WHAT THE TASK ASKS
Which lines of the entries below run from the one holding "arc A58 (42.1845, -26.8416)" to the one holding "arc A80 (23.7586, -11.7378)", inclusive? Set down exactly those lines and no others.
BEGIN
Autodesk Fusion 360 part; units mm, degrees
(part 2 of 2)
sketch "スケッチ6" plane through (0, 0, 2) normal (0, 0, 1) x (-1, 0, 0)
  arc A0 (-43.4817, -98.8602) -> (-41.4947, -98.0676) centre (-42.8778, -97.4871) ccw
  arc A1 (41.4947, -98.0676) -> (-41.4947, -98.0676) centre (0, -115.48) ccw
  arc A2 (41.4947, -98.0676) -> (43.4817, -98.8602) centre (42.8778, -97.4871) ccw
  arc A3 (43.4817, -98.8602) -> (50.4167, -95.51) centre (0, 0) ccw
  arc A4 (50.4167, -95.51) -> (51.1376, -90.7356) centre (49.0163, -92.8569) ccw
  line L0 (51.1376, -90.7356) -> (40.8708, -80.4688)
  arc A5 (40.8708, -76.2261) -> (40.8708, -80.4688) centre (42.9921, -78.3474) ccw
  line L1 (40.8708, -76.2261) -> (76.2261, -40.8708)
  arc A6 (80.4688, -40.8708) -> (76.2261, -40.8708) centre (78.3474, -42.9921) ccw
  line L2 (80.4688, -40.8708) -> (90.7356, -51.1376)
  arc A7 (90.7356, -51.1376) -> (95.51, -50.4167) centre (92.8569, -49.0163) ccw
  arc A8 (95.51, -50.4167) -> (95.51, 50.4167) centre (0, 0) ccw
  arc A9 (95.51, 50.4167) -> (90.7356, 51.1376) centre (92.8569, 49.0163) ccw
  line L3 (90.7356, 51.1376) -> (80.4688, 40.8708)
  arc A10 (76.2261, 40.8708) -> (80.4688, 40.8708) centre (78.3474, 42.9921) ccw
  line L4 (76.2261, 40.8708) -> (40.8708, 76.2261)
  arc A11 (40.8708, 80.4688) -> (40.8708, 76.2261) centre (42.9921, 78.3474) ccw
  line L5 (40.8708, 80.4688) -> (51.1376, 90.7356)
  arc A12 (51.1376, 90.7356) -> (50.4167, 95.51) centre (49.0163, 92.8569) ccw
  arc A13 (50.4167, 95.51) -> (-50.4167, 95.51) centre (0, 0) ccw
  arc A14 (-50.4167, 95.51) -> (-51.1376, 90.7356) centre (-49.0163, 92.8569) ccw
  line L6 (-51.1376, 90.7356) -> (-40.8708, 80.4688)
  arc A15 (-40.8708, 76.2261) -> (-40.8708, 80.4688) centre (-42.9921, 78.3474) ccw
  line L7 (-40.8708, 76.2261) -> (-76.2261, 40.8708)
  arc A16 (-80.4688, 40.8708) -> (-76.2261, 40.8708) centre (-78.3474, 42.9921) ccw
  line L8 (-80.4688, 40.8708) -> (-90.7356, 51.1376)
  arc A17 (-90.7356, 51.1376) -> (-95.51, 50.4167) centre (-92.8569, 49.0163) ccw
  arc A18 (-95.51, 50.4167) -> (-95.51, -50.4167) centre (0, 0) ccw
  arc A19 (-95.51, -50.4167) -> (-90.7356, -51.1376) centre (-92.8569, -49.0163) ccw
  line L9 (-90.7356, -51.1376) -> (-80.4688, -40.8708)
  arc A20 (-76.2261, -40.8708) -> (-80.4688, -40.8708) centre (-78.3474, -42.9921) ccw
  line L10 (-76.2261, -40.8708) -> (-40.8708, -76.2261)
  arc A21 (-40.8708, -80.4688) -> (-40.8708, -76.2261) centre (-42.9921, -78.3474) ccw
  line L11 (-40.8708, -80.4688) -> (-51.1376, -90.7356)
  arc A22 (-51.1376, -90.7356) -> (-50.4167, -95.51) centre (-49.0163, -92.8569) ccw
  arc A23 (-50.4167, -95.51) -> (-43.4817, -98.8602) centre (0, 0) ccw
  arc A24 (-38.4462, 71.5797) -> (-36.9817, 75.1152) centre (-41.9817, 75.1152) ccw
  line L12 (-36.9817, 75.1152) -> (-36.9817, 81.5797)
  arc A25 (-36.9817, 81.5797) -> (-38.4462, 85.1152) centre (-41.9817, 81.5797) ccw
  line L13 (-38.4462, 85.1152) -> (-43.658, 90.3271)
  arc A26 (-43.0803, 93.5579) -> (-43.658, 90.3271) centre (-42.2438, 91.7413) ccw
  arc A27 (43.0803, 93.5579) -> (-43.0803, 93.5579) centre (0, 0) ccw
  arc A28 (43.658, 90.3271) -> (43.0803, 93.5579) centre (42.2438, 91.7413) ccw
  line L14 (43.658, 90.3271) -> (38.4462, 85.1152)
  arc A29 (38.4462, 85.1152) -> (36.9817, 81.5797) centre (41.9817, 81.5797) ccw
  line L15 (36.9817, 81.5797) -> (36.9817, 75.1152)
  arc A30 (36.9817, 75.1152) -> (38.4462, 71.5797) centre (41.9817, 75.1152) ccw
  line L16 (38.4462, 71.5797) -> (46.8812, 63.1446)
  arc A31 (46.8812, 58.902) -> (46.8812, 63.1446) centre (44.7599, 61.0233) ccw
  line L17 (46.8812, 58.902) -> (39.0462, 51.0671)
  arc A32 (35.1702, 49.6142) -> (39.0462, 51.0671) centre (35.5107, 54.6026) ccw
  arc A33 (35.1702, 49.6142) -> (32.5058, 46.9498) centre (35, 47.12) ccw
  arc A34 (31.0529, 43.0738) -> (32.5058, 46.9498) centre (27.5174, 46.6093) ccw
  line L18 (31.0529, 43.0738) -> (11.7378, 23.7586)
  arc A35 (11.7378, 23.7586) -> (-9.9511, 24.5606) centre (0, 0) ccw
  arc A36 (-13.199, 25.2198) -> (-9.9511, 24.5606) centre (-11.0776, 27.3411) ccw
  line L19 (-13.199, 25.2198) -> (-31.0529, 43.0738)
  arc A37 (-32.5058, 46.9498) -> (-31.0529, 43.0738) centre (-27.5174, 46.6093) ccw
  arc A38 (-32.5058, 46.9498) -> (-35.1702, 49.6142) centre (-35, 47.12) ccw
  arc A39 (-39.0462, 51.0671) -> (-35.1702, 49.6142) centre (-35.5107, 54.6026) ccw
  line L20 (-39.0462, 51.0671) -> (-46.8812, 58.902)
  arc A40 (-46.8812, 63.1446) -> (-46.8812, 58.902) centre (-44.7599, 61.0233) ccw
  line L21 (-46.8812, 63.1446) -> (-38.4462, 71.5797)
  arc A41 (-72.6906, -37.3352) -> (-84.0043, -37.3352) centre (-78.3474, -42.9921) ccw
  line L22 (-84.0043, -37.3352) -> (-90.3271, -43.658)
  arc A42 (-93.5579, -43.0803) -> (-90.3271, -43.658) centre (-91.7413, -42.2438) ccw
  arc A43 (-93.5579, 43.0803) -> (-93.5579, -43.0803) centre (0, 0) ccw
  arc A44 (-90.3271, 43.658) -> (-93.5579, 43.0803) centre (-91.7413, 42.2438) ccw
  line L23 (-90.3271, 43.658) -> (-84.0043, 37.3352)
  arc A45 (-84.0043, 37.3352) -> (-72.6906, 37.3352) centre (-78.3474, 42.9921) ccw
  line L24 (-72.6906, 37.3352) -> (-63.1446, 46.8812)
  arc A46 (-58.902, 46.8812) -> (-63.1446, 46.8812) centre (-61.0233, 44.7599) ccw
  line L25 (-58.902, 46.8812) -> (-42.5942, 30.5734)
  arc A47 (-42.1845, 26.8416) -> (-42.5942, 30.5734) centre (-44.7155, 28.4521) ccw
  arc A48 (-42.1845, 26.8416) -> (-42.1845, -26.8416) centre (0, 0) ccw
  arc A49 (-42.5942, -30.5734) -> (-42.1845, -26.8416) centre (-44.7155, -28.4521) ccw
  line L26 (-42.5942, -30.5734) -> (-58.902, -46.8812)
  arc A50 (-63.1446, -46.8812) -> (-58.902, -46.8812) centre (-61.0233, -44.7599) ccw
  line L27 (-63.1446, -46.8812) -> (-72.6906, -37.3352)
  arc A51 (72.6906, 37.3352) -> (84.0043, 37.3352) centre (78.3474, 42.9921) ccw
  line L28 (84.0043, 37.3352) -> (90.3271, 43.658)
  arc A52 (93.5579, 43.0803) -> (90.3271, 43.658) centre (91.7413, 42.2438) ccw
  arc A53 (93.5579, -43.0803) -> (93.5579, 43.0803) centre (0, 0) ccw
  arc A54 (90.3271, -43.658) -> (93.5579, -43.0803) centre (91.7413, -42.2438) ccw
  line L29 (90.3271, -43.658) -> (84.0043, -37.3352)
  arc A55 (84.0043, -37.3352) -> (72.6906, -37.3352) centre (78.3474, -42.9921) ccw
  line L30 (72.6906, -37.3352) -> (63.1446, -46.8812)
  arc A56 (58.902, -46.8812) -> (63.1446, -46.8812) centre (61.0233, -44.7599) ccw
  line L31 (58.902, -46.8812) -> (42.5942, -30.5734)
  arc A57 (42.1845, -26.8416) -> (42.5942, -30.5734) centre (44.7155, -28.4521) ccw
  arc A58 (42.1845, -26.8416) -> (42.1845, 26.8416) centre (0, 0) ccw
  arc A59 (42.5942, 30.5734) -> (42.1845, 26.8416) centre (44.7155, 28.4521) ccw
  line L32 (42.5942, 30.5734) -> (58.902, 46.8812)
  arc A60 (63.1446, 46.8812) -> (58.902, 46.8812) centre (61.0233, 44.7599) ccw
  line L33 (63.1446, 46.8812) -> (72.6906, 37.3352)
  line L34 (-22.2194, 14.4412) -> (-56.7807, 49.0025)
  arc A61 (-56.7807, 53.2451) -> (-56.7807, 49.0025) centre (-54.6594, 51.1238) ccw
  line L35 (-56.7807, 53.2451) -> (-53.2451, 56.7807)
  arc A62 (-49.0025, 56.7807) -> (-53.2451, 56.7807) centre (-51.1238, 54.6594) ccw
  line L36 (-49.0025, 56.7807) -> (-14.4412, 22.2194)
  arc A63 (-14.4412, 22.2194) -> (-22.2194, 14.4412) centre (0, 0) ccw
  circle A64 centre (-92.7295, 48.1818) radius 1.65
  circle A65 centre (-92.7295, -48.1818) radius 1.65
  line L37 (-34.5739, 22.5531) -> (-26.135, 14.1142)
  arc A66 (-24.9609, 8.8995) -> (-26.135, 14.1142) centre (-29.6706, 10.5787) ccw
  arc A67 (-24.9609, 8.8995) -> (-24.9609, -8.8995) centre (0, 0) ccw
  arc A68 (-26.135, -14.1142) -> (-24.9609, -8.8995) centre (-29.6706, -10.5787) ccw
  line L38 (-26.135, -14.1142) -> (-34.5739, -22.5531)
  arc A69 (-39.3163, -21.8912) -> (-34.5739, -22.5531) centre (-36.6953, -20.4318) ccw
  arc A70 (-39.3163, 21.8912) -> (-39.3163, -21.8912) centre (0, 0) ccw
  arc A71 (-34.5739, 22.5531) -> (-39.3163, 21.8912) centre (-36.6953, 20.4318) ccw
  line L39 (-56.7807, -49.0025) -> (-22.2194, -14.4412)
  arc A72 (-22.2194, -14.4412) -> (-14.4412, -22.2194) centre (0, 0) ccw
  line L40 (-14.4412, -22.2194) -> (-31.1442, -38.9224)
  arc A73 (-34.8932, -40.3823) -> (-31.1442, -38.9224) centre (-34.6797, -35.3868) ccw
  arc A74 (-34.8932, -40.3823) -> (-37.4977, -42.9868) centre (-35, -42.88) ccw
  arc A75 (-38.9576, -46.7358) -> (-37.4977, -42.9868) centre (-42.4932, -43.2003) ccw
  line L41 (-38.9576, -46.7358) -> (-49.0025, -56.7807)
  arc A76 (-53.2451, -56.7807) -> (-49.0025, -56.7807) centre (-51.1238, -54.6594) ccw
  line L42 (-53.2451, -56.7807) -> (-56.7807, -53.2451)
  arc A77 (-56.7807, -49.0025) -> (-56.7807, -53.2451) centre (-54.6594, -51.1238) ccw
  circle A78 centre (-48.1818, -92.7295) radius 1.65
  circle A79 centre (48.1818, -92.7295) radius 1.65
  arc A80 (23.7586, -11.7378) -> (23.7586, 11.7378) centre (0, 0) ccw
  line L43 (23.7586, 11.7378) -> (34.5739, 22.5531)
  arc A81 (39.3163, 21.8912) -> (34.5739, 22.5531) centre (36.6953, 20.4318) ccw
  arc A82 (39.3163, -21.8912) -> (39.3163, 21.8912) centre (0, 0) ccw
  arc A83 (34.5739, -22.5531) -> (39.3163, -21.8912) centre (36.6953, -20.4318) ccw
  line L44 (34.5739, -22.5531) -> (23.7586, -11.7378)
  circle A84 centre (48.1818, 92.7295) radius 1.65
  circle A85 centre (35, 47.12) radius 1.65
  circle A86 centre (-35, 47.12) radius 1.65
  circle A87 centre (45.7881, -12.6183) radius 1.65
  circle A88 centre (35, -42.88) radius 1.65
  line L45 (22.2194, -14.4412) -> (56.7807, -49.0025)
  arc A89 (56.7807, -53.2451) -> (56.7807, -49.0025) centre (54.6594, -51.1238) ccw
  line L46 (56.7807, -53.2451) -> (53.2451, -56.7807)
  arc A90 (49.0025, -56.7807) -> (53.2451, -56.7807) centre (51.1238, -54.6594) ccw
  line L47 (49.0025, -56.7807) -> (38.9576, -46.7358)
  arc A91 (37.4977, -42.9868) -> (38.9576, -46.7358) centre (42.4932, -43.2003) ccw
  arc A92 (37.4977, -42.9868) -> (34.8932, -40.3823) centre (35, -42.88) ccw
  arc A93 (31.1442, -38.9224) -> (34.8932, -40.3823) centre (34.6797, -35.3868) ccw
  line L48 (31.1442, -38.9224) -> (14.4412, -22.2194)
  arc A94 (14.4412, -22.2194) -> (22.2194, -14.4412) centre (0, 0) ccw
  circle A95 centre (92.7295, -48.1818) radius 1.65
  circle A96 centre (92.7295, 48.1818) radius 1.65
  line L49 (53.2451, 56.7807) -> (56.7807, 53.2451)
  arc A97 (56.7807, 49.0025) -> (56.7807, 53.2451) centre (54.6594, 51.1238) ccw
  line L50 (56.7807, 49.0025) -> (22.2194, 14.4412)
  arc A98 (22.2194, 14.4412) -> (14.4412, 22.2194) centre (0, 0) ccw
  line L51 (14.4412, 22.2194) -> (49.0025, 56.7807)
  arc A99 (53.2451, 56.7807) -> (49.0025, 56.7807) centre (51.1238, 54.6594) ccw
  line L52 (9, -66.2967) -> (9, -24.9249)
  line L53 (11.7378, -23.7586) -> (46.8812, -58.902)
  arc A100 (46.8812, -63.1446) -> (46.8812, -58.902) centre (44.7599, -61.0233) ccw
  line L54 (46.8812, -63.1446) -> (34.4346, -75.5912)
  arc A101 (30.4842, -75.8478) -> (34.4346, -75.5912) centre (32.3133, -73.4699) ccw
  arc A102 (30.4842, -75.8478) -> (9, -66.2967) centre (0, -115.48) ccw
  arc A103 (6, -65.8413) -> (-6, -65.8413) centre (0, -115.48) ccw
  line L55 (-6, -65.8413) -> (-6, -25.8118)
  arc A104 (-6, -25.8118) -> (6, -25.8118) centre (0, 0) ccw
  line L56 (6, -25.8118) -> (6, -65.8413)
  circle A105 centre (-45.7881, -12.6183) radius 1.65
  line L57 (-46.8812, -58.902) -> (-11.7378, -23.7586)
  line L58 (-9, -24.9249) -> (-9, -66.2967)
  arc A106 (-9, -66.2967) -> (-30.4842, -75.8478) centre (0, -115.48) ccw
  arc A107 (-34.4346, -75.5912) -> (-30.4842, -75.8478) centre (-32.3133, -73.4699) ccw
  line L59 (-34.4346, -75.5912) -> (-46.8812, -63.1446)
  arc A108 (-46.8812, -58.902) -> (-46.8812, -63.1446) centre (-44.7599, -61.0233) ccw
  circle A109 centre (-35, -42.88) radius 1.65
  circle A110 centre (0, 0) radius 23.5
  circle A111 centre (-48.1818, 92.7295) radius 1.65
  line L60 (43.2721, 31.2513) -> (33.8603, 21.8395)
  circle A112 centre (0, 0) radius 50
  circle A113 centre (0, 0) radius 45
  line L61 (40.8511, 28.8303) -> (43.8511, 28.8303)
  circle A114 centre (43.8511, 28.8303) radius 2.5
END
YOUR RESPONSE
  arc A58 (42.1845, -26.8416) -> (42.1845, 26.8416) centre (0, 0) ccw
  arc A59 (42.5942, 30.5734) -> (42.1845, 26.8416) centre (44.7155, 28.4521) ccw
  line L32 (42.5942, 30.5734) -> (58.902, 46.8812)
  arc A60 (63.1446, 46.8812) -> (58.902, 46.8812) centre (61.0233, 44.7599) ccw
  line L33 (63.1446, 46.8812) -> (72.6906, 37.3352)
  line L34 (-22.2194, 14.4412) -> (-56.7807, 49.0025)
  arc A61 (-56.7807, 53.2451) -> (-56.7807, 49.0025) centre (-54.6594, 51.1238) ccw
  line L35 (-56.7807, 53.2451) -> (-53.2451, 56.7807)
  arc A62 (-49.0025, 56.7807) -> (-53.2451, 56.7807) centre (-51.1238, 54.6594) ccw
  line L36 (-49.0025, 56.7807) -> (-14.4412, 22.2194)
  arc A63 (-14.4412, 22.2194) -> (-22.2194, 14.4412) centre (0, 0) ccw
  circle A64 centre (-92.7295, 48.1818) radius 1.65
  circle A65 centre (-92.7295, -48.1818) radius 1.65
  line L37 (-34.5739, 22.5531) -> (-26.135, 14.1142)
  arc A66 (-24.9609, 8.8995) -> (-26.135, 14.1142) centre (-29.6706, 10.5787) ccw
  arc A67 (-24.9609, 8.8995) -> (-24.9609, -8.8995) centre (0, 0) ccw
  arc A68 (-26.135, -14.1142) -> (-24.9609, -8.8995) centre (-29.6706, -10.5787) ccw
  line L38 (-26.135, -14.1142) -> (-34.5739, -22.5531)
  arc A69 (-39.3163, -21.8912) -> (-34.5739, -22.5531) centre (-36.6953, -20.4318) ccw
  arc A70 (-39.3163, 21.8912) -> (-39.3163, -21.8912) centre (0, 0) ccw
  arc A71 (-34.5739, 22.5531) -> (-39.3163, 21.8912) centre (-36.6953, 20.4318) ccw
  line L39 (-56.7807, -49.0025) -> (-22.2194, -14.4412)
  arc A72 (-22.2194, -14.4412) -> (-14.4412, -22.2194) centre (0, 0) ccw
  line L40 (-14.4412, -22.2194) -> (-31.1442, -38.9224)
  arc A73 (-34.8932, -40.3823) -> (-31.1442, -38.9224) centre (-34.6797, -35.3868) ccw
  arc A74 (-34.8932, -40.3823) -> (-37.4977, -42.9868) centre (-35, -42.88) ccw
  arc A75 (-38.9576, -46.7358) -> (-37.4977, -42.9868) centre (-42.4932, -43.2003) ccw
  line L41 (-38.9576, -46.7358) -> (-49.0025, -56.7807)
  arc A76 (-53.2451, -56.7807) -> (-49.0025, -56.7807) centre (-51.1238, -54.6594) ccw
  line L42 (-53.2451, -56.7807) -> (-56.7807, -53.2451)
  arc A77 (-56.7807, -49.0025) -> (-56.7807, -53.2451) centre (-54.6594, -51.1238) ccw
  circle A78 centre (-48.1818, -92.7295) radius 1.65
  circle A79 centre (48.1818, -92.7295) radius 1.65
  arc A80 (23.7586, -11.7378) -> (23.7586, 11.7378) centre (0, 0) ccw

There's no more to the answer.